Segment Start: RECORDED DATA

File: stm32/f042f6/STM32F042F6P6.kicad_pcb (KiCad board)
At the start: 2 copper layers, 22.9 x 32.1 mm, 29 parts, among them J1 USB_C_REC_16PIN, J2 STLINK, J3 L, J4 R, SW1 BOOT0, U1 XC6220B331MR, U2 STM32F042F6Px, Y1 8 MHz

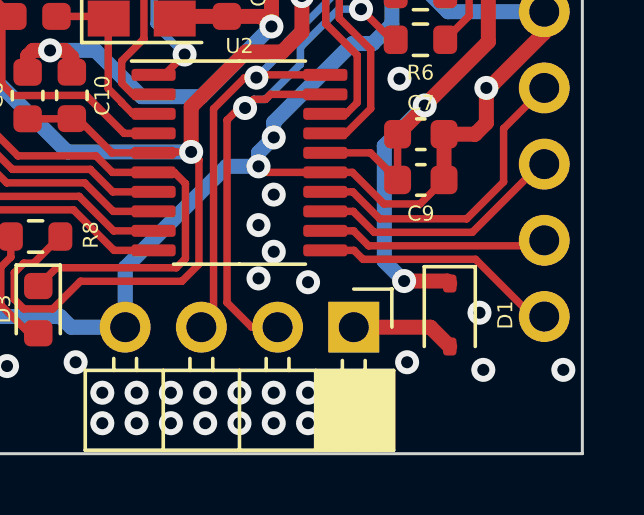
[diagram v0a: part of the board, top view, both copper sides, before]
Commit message: WIP: F070F6P6, Fix: Diode direction corrected for F042F6P6.
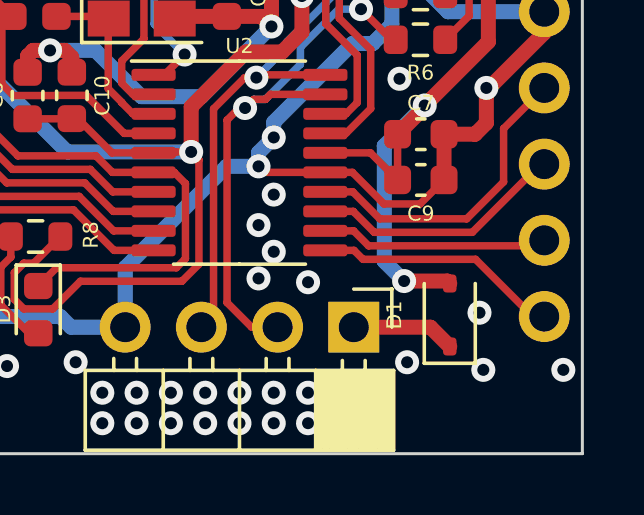
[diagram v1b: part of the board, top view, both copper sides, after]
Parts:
- C3, C4: value 8pF -> 32pF
- turned D1 to 90 degrees
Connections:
- D1 pad 1: +3.3V -> Net-(D1-K)
- D1 pad 2: Net-(D1-A) -> +3.3V
- J2 pad 1: Net-(D1-A) -> Net-(D1-K)
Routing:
- net Net-(D1-K): track 0.00 -> 3.47 mm
- net Net-(D1-A): track 3.47 -> 0.00 mm
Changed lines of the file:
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@@
   (net 6 "+3.3V")
   (net 7 "NRST")
-  (net 8 "Net-(D1-A)")
+  (net 8 "Net-(D1-K)")
   (net 9 "Net-(D2-A)")
   (net 10 "Net-(J1-CC1)")
@@
       (stroke (width 0.1) (type solid)) (layer "F.Fab"))
     (pad "1" thru_hole rect (at 0 0 270) (size 1.7 1.7) (drill 1) (layers "*.Cu" "*.Mask")
-      (net 8 "Net-(D1-A)") (pinfunction "Pin_1") (pintype "passive"))
+      (net 8 "Net-(D1-K)") (pinfunction "Pin_1") (pintype "passive"))
     (pad "2" thru_hole oval (at 0 2.54 270) (size 1.7 1.7) (drill 1) (layers "*.Cu" "*.Mask")
       (net 16 "SWDIO") (pinfunction "Pin_2") (pintype "passive"))
@@
         (effects (font (size 0.5 0.5) (thickness 0.125)))
     )
-    (fp_text value "8pF" (at 0 1.43 90) (layer "F.Fab")
+    (fp_text value "32pF" (at 0 1.43 90) (layer "F.Fab")
         (effects (font (size 1 1) (thickness 0.15)))
     )
@@
   )
   (footprint "Diode_SMD:D_SOD-323" (layer "F.Cu")
-    (at 97.1804 104.0892 -90)
+    (at 97.1804 104.0892 90)
     (descr "SOD-323")
     (tags "SOD-323")
@@
     (fp_line (start 0.9 0.7) (end -0.9 0.7)
       (stroke (width 0.1) (type solid)) (layer "F.Fab"))
-    (pad "1" smd roundrect (at -1.05 0 270) (size 0.6 0.45) (layers "F.Cu" "F.Paste" "F.Mask") (roundrect_rratio 0.25)
-      (net 6 "+3.3V") (pinfunction "K") (pintype "passive"))
-    (pad "2" smd roundrect (at 1.05 0 270) (size 0.6 0.45) (layers "F.Cu" "F.Paste" "F.Mask") (roundrect_rratio 0.25)
-      (net 8 "Net-(D1-A)") (pinfunction "A") (pintype "passive"))
+    (pad "1" smd roundrect (at -1.05 0 90) (size 0.6 0.45) (layers "F.Cu" "F.Paste" "F.Mask") (roundrect_rratio 0.25)
+      (net 8 "Net-(D1-K)") (pinfunction "K") (pintype "passive"))
+    (pad "2" smd roundrect (at 1.05 0 90) (size 0.6 0.45) (layers "F.Cu" "F.Paste" "F.Mask") (roundrect_rratio 0.25)
+      (net 6 "+3.3V") (pinfunction "A") (pintype "passive"))
     (model "${KICAD6_3DMODEL_DIR}/Diode_SMD.3dshapes/D_SOD-323.wrl"
       (offset (xyz 0 0 0))
@@
         (effects (font (size 0.5 0.5) (thickness 0.125)))
     )
-    (fp_text value "8pF" (at 0 1.43 90) (layer "F.Fab")
-        (effects (font (size 1 1) (thickness 0.15)))
-    )
+    (fp_text value "32pF" (at 0 1.43 90) (layer "F.Fab")
+        (effects (font (size 1 1) (thickness 0.15)))
+    )

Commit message: Fix: Diode direction corrected.
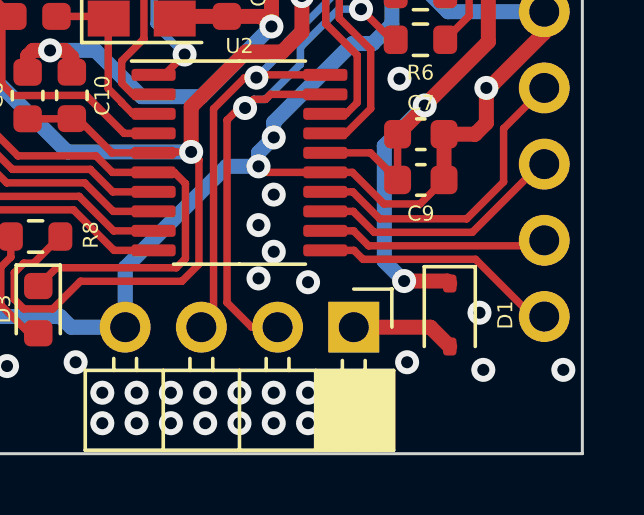
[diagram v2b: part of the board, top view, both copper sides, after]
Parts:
- turned D1 to -90 degrees
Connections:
- D1 pad 1: Net-(D1-K) -> +3.3V
- D1 pad 2: +3.3V -> Net-(D1-A)
- J2 pad 1: Net-(D1-K) -> Net-(D1-A)
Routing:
- net Net-(D1-K): track 3.47 -> 0.00 mm
- net Net-(D1-A): track 0.00 -> 3.47 mm
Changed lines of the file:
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@@
   (net 6 "+3.3V")
   (net 7 "NRST")
-  (net 8 "Net-(D1-K)")
+  (net 8 "Net-(D1-A)")
   (net 9 "Net-(D2-A)")
   (net 10 "Net-(J1-CC1)")
@@
       (stroke (width 0.1) (type solid)) (layer "F.Fab"))
     (pad "1" thru_hole rect (at 0 0 270) (size 1.7 1.7) (drill 1) (layers "*.Cu" "*.Mask")
-      (net 8 "Net-(D1-K)") (pinfunction "Pin_1") (pintype "passive"))
+      (net 8 "Net-(D1-A)") (pinfunction "Pin_1") (pintype "passive"))
     (pad "2" thru_hole oval (at 0 2.54 270) (size 1.7 1.7) (drill 1) (layers "*.Cu" "*.Mask")
       (net 16 "SWDIO") (pinfunction "Pin_2") (pintype "passive"))
@@
   )
   (footprint "Diode_SMD:D_SOD-323" (layer "F.Cu")
-    (at 97.1804 104.0892 90)
+    (at 97.1804 104.0892 -90)
     (descr "SOD-323")
     (tags "SOD-323")
@@
     (fp_line (start 0.9 0.7) (end -0.9 0.7)
       (stroke (width 0.1) (type solid)) (layer "F.Fab"))
-    (pad "1" smd roundrect (at -1.05 0 90) (size 0.6 0.45) (layers "F.Cu" "F.Paste" "F.Mask") (roundrect_rratio 0.25)
-      (net 8 "Net-(D1-K)") (pinfunction "K") (pintype "passive"))
-    (pad "2" smd roundrect (at 1.05 0 90) (size 0.6 0.45) (layers "F.Cu" "F.Paste" "F.Mask") (roundrect_rratio 0.25)
-      (net 6 "+3.3V") (pinfunction "A") (pintype "passive"))
+    (pad "1" smd roundrect (at -1.05 0 270) (size 0.6 0.45) (layers "F.Cu" "F.Paste" "F.Mask") (roundrect_rratio 0.25)
+      (net 6 "+3.3V") (pinfunction "K") (pintype "passive"))
+    (pad "2" smd roundrect (at 1.05 0 270) (size 0.6 0.45) (layers "F.Cu" "F.Paste" "F.Mask") (roundrect_rratio 0.25)
+      (net 8 "Net-(D1-A)") (pinfunction "A") (pintype "passive"))
     (model "${KICAD6_3DMODEL_DIR}/Diode_SMD.3dshapes/D_SOD-323.wrl"
       (offset (xyz 0 0 0))

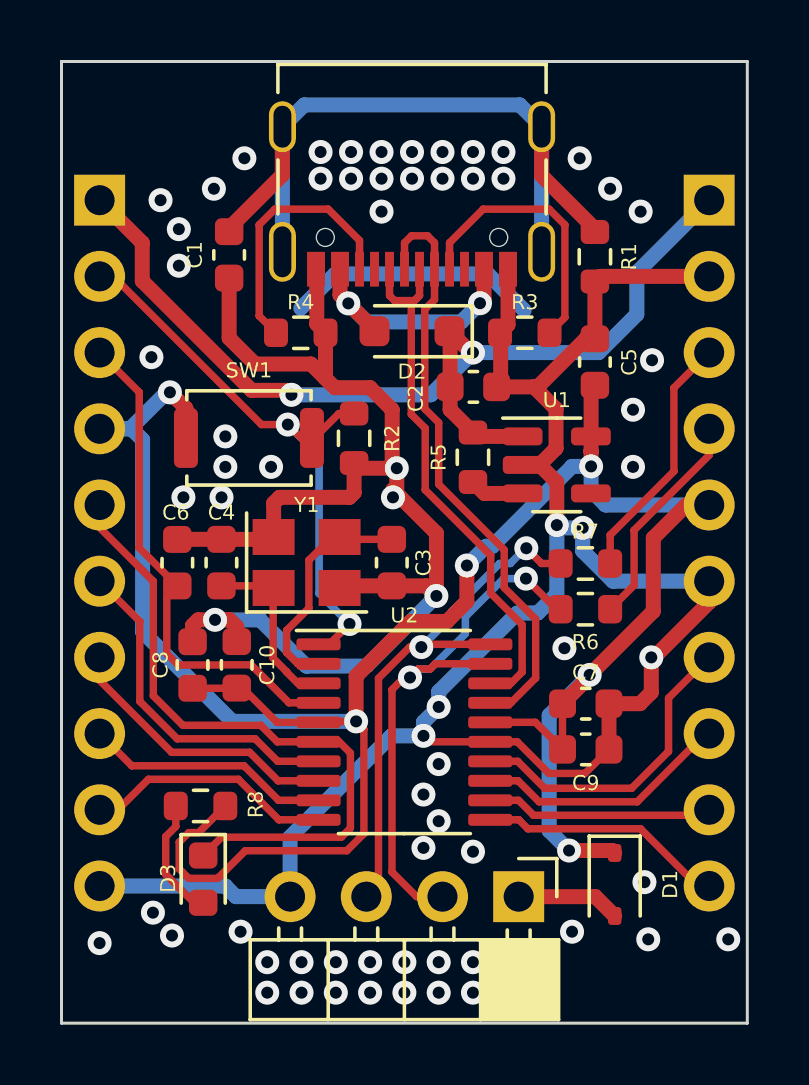
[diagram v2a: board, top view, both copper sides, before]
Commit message: F042: HSE crystal removal because it didn't be needed.
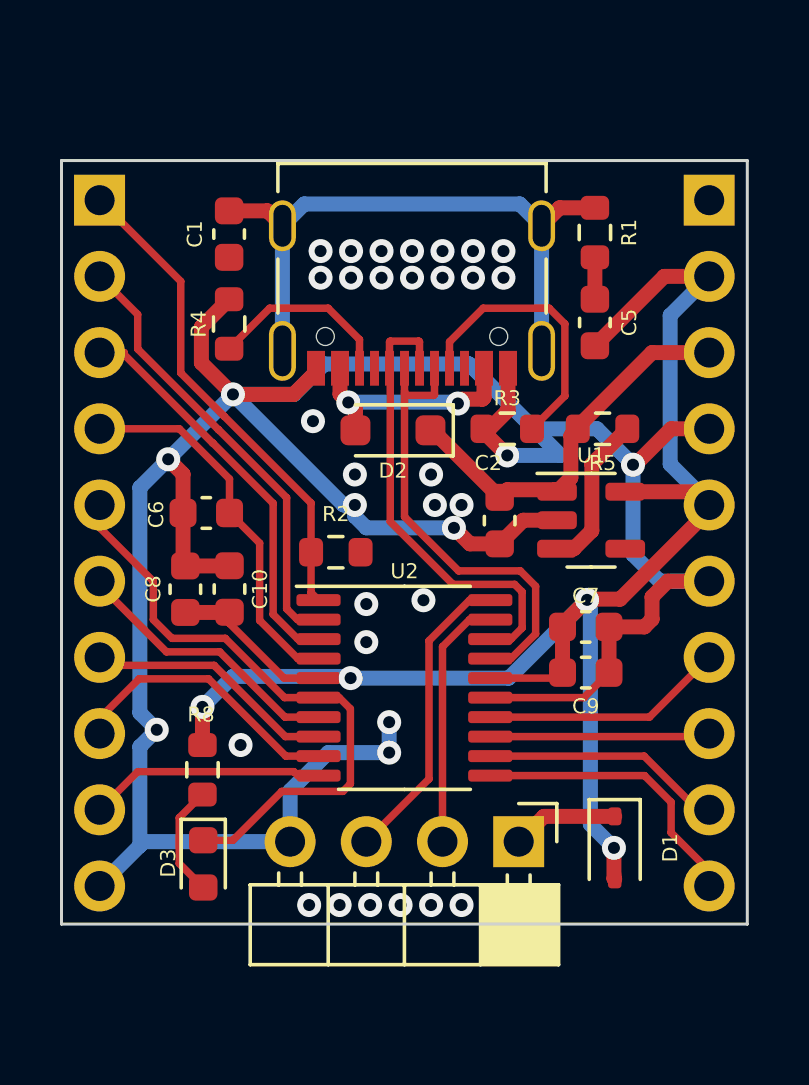
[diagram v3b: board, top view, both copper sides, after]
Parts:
- removed C3, C4: 32pF, Capacitor_SMD:C_0603_1608Metric
- removed R6, R7: 0, Resistor_SMD:R_0603_1608Metric
- removed SW1: BOOT0, Button_Switch_SMD:SW_Push_SPST_NO_Alps_SKRK
- removed Y1: 8 MHz, Crystal:Crystal_SMD_3225-4Pin_3.2x2.5mm
- moved C2 4.54 mm to (93.3, 92.0), turned to 90 degrees
- moved R5 4.42 mm to (96.8, 88.9), turned to 180 degrees
- moved R2 3.85 mm to (87.9, 93.0), turned to 180 degrees
- moved D2 3.36 mm to (89.8, 89.0)
- moved J1 3.30 mm to (90.4, 84.4)
- moved R3 3.25 mm to (93.6, 88.9)
- moved C7 2.56 mm to (96.2, 95.5)
- moved C9 2.56 mm to (96.2, 97.0)
- moved C10 2.54 mm to (82.9, 94.2)
- moved C8 2.54 mm to (84.3, 94.2)
- moved R4 2.41 mm to (84.3, 85.4), turned to 90 degrees
- moved U1 2.17 mm to (96.4, 91.9)
- moved C6 1.92 mm to (83.6, 91.7), turned to 180 degrees
- moved J2 1.83 mm to (94.0, 102.7)
- moved U2 1.47 mm to (90.2, 97.5)
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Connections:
- D1 pad 1: +3.3V -> Net-(D1-K)
- D1 pad 2: Net-(D1-A) -> +3.3V
- J2 pad 1: Net-(D1-A) -> Net-(D1-K)
- J3 pad 1: +5V -> PB8/BOOT0
- J3 pad 2: PB8/BOOT0 -> PF0/HSE_IN
- J3 pad 3: NRST -> PF1/HSE_OUT
- J3 pad 4: +3.3V -> NRST
- J4 pad 2: GND -> +3.3V
- J4 pad 3: PA14 -> +5V
- J4 pad 4: PA13 -> GND
- U2 pad 2: HSE_IN -> PF0/HSE_IN
- U2 pad 3: HSE_OUT -> PF1/HSE_OUT
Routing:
- net +3.3V: track 83.0 -> 59.1 mm, vias 6 -> 4
- net +5V: track 33.7 -> 13.1 mm, vias 2 -> 0
- net GND: track 117.0 -> 101.8 mm, vias 73 -> 39
- net PF0/HSE_IN: track 0.00 -> 14.9 mm
- net PF1/HSE_OUT: track 0.00 -> 13.5 mm
- net SWDIO: track 18.9 -> 8.46 mm, vias 2 -> 0
- net PA14: track 8.40 -> 0.00 mm
- net HSE_IN: track 7.66 -> 0.00 mm
- net PA13: track 7.38 -> 0.00 mm
- net SWCLK: track 18.0 -> 10.6 mm, vias 2 -> 0
- net HSE_OUT: track 5.98 -> 0.00 mm
- net Net-(J1-SHIELD): track 26.1 -> 21.6 mm
- net NRST: track 17.0 -> 12.6 mm
- net USB_DM: track 20.1 -> 15.8 mm
- net Net-(D1-K): track 0.00 -> 3.55 mm
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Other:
- board size 22.9 x 32.1 mm -> 22.9 x 25.5 mm
- board text added: "5V 3V3 5V GND 3V3 GND B1 A7 A6 A5"
- board text added: "B8 F0 F1 NRST A0 A1 A2 A3 A4 GND"
- board text removed: "5V B8 NRST 3V3 A0 A1 A2 A3 A4 GND"
- board text removed: "5V GND A14 A13 3V3 GND B1 A7 A6 A5"

Segment End: RECORDED DATA

### ASSIGNED TASK
All of the lines above that carry the string "corrected" need to be found and copied.

### EXERCISE ANSWER
Commit message: WIP: F070F6P6, Fix: Diode direction corrected for F042F6P6.
Commit message: Fix: Diode direction corrected.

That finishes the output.